Remark 2: The above algorithm is applicable for the 1D K-S chemotaxis model given by Eqs (2.1) and (2.2) with Neumann boundary conditions. In the numerical example, we also use the Dirichlet boundary conditions. It needs to move to Step 2, where the values of $({\phi _x})_0^n$ , $({\phi _x})_M^n$ , $({\phi _{xx}})_0^n$ and $({\phi _{xx}})_M^n$ are computed by using Eqs (2.18)–(2.21); then, in Step 3, the values of ${\eta}_0^{n + 1}$ and ${\eta}_M^{n + 1}$ are directly computed by using Eq (2.5).

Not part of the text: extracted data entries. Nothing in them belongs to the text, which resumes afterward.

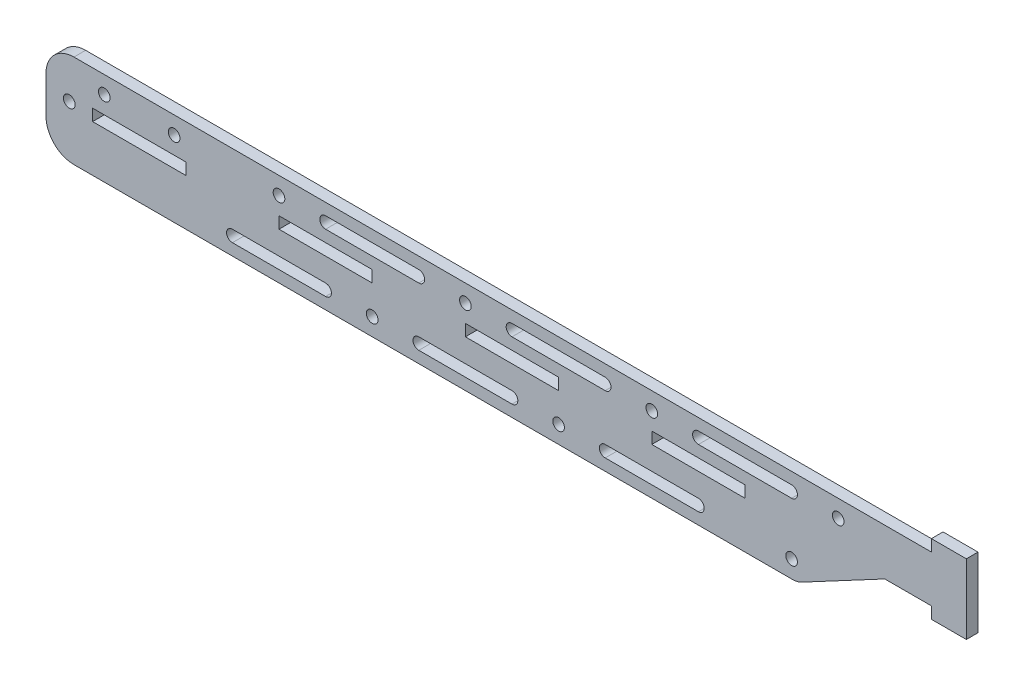
from build123d import *

# Parameters (mm, degrees)
SKETCH1_R           = 1.5875
SKETCH1_W           = 25.4
SKETCH1_H           = 3.175
BOSS_EXTRUDE1_DEPTH = 3.175


with BuildPart() as part:
    # Sketch1 → Boss-Extrude1 (new body)
    with BuildSketch(Plane.XY):
        with BuildLine():
            Line((68.764710276, 20.278973895), (56.064710276, 20.278973895))
            Line((56.064710276, 20.278973895), (33.372798511, 8.176620954))
            ThreePointArc((33.372798511, 8.176620954), (32.214291251, 7.730649994), (30.982210276, 7.578973895))
            Line((30.982210276, 7.578973895), (-152.215289724, 7.578973895))
            Line((-152.215289724, 7.578973895), (-164.915289724, 7.578973895))
            ThreePointArc((-164.915289724, 7.578973895), (-170.303443397, 9.810820222), (-172.535289724, 15.198973895))
            Line((-172.535289724, 15.198973895), (-172.535289724, 23.453973895))
            Line((-172.535289724, 23.453973895), (-172.535289724, 25.358973895))
            ThreePointArc((-172.535289724, 25.358973895), (-170.303443397, 30.747127568), (-164.915289724, 32.978973895))
            Line((-164.915289724, 32.978973895), (-152.215289724, 32.978973895))
            Line((-152.215289724, 32.978973895), (68.764710276, 32.978973895))
            Line((68.764710276, 32.978973895), (68.764710276, 36.153973895))
            Line((68.764710276, 36.153973895), (78.289710276, 36.153973895))
            Line((78.289710276, 36.153973895), (78.289710276, 17.103973895))
            Line((78.289710276, 17.103973895), (68.764710276, 17.103973895))
            Line((68.764710276, 17.103973895), (68.764710276, 20.278973895))
        make_face()
        with Locations((30.664710276, 12.341473895)):
            Circle(SKETCH1_R, mode=Mode.SUBTRACT)
        with Locations((-109.035289724, 28.216473895)):
            Circle(SKETCH1_R, mode=Mode.SUBTRACT)
        with Locations((-166.185289724, 21.866473895)):
            Circle(SKETCH1_R, mode=Mode.SUBTRACT)
        with Locations((-156.660289724, 28.216473895)):
            Circle(SKETCH1_R, mode=Mode.SUBTRACT)
        with Locations((-137.610289724, 28.216473895)):
            Circle(SKETCH1_R, mode=Mode.SUBTRACT)
        with Locations((-83.635289724, 12.341473895)):
            Circle(SKETCH1_R, mode=Mode.SUBTRACT)
        with Locations((-32.835289724, 12.341473895)):
            Circle(SKETCH1_R, mode=Mode.SUBTRACT)
        with Locations((-58.235289724, 28.216473895)):
            Circle(SKETCH1_R, mode=Mode.SUBTRACT)
        with Locations((-7.435289724, 28.216473895)):
            Circle(SKETCH1_R, mode=Mode.SUBTRACT)
        with Locations((43.364710276, 28.216473895)):
            Circle(SKETCH1_R, mode=Mode.SUBTRACT)
        with Locations((-147.135289724, 21.866473895)):
            Rectangle(SKETCH1_W, SKETCH1_H, mode=Mode.SUBTRACT)
        with Locations((-96.335289724, 21.866473895)):
            Rectangle(SKETCH1_W, SKETCH1_H, mode=Mode.SUBTRACT)
        with Locations((-45.535289724, 21.866473895)):
            Rectangle(SKETCH1_W, SKETCH1_H, mode=Mode.SUBTRACT)
        with Locations((5.264710276, 21.866473895)):
            Rectangle(SKETCH1_W, SKETCH1_H, mode=Mode.SUBTRACT)
        with BuildLine():
            Line((5.264710276, 29.803973895), (30.664710276, 29.803973895))
            ThreePointArc((30.664710276, 29.803973895), (32.252210276, 28.216473895), (30.664710276, 26.628973895))
            Line((30.664710276, 26.628973895), (5.264710276, 26.628973895))
            ThreePointArc((5.264710276, 26.628973895), (3.677210276, 28.216473895), (5.264710276, 29.803973895))
        make_face(mode=Mode.SUBTRACT)
        with BuildLine():
            Line((-45.535289724, 13.928973895), (-70.935289724, 13.928973895))
            ThreePointArc((-70.935289724, 13.928973895), (-72.522789724, 12.341473895), (-70.935289724, 10.753973895))
            Line((-70.935289724, 10.753973895), (-45.535289724, 10.753973895))
            ThreePointArc((-45.535289724, 10.753973895), (-43.947789724, 12.341473895), (-45.535289724, 13.928973895))
        make_face(mode=Mode.SUBTRACT)
        with BuildLine():
            Line((-96.335289724, 13.928973895), (-121.735289724, 13.928973895))
            ThreePointArc((-121.735289724, 13.928973895), (-123.322789724, 12.341473895), (-121.735289724, 10.753973895))
            Line((-121.735289724, 10.753973895), (-96.335289724, 10.753973895))
            ThreePointArc((-96.335289724, 10.753973895), (-94.747789724, 12.341473895), (-96.335289724, 13.928973895))
        make_face(mode=Mode.SUBTRACT)
        with BuildLine():
            Line((5.264710276, 13.928973895), (-20.135289724, 13.928973895))
            ThreePointArc((-20.135289724, 13.928973895), (-21.722789724, 12.341473895), (-20.135289724, 10.753973895))
            Line((-20.135289724, 10.753973895), (5.264710276, 10.753973895))
            ThreePointArc((5.264710276, 10.753973895), (6.852210276, 12.341473895), (5.264710276, 13.928973895))
        make_face(mode=Mode.SUBTRACT)
        with BuildLine():
            Line((-45.535289724, 29.803973895), (-20.135289724, 29.803973895))
            ThreePointArc((-20.135289724, 29.803973895), (-18.547789724, 28.216473895), (-20.135289724, 26.628973895))
            Line((-20.135289724, 26.628973895), (-45.535289724, 26.628973895))
            ThreePointArc((-45.535289724, 26.628973895), (-47.122789724, 28.216473895), (-45.535289724, 29.803973895))
        make_face(mode=Mode.SUBTRACT)
        with BuildLine():
            Line((-96.335289724, 29.803973895), (-70.935289724, 29.803973895))
            ThreePointArc((-70.935289724, 29.803973895), (-69.347789724, 28.216473895), (-70.935289724, 26.628973895))
            Line((-70.935289724, 26.628973895), (-96.335289724, 26.628973895))
            ThreePointArc((-96.335289724, 26.628973895), (-97.922789724, 28.216473895), (-96.335289724, 29.803973895))
        make_face(mode=Mode.SUBTRACT)
    extrude(amount=BOSS_EXTRUDE1_DEPTH)


solid = part.part

3. High-order finite difference scheme for 2D K-S model

Then, we consider the 2D K-S model of Eq (1.1) as follows:

$\begin{align} &{u_t} = D{(u)_x}{u_x} + D(u){u_{xx}} + D{(u)_y}{u_y} + D(u){u_{yy}} - \chi {u_x}{v_x}\\ &\; \; \; \; \; \; \; \; \; - \chi u{v_{xx}} - \chi {u_y}{v_y} - \chi u{v_{yy}} + f(u), \; \; \; \; \; \; \; \; \; \; \; \; \; \; \; (x, y, t)\in{\Omega _t}, \end{align}$

(3.1)

$\begin{align} &{v_t} = {p_1}{v_{xx}} + {p_1}{v_{yy}} + {p_2}{u_{xx}} + {p_2}{u_{yy}} + \alpha u - \beta v, \; \; \; \; (x, y, t)\in{\Omega _t}, \end{align}$

(3.2)

with the initial conditions

$\begin{align} u(x, y, 0) = {u_0}(x, y), \quad v(x, y, 0) = {v_0}(x, y), \; \; \; \; \; \; \; \; \; \; \; (x, y)\in\Omega, \end{align}$

(3.3)

and Neumann boundary conditions

$\begin{align} \nabla u \cdot \mathbf{n} = 0, \quad \nabla v \cdot \mathbf{n} = 0, \; \; \; \; \; \; \; \; \; \; \; \; \; \; \; \; \; \; \; \; \; \; \; (x, y) \in \partial \Omega, \quad t > 0, \end{align}$

(3.4)

or Dirichlet boundary conditions

$\begin{align} u(x, y, t) = \varphi (x, y, t), \quad v(x, y, t) = \psi (x, y, t), \; \; \; (x, y) \in \partial \Omega, \quad t > 0, \end{align}$

(3.5)

where $D(u)$ and $f(u)$ are similar to the 1D case.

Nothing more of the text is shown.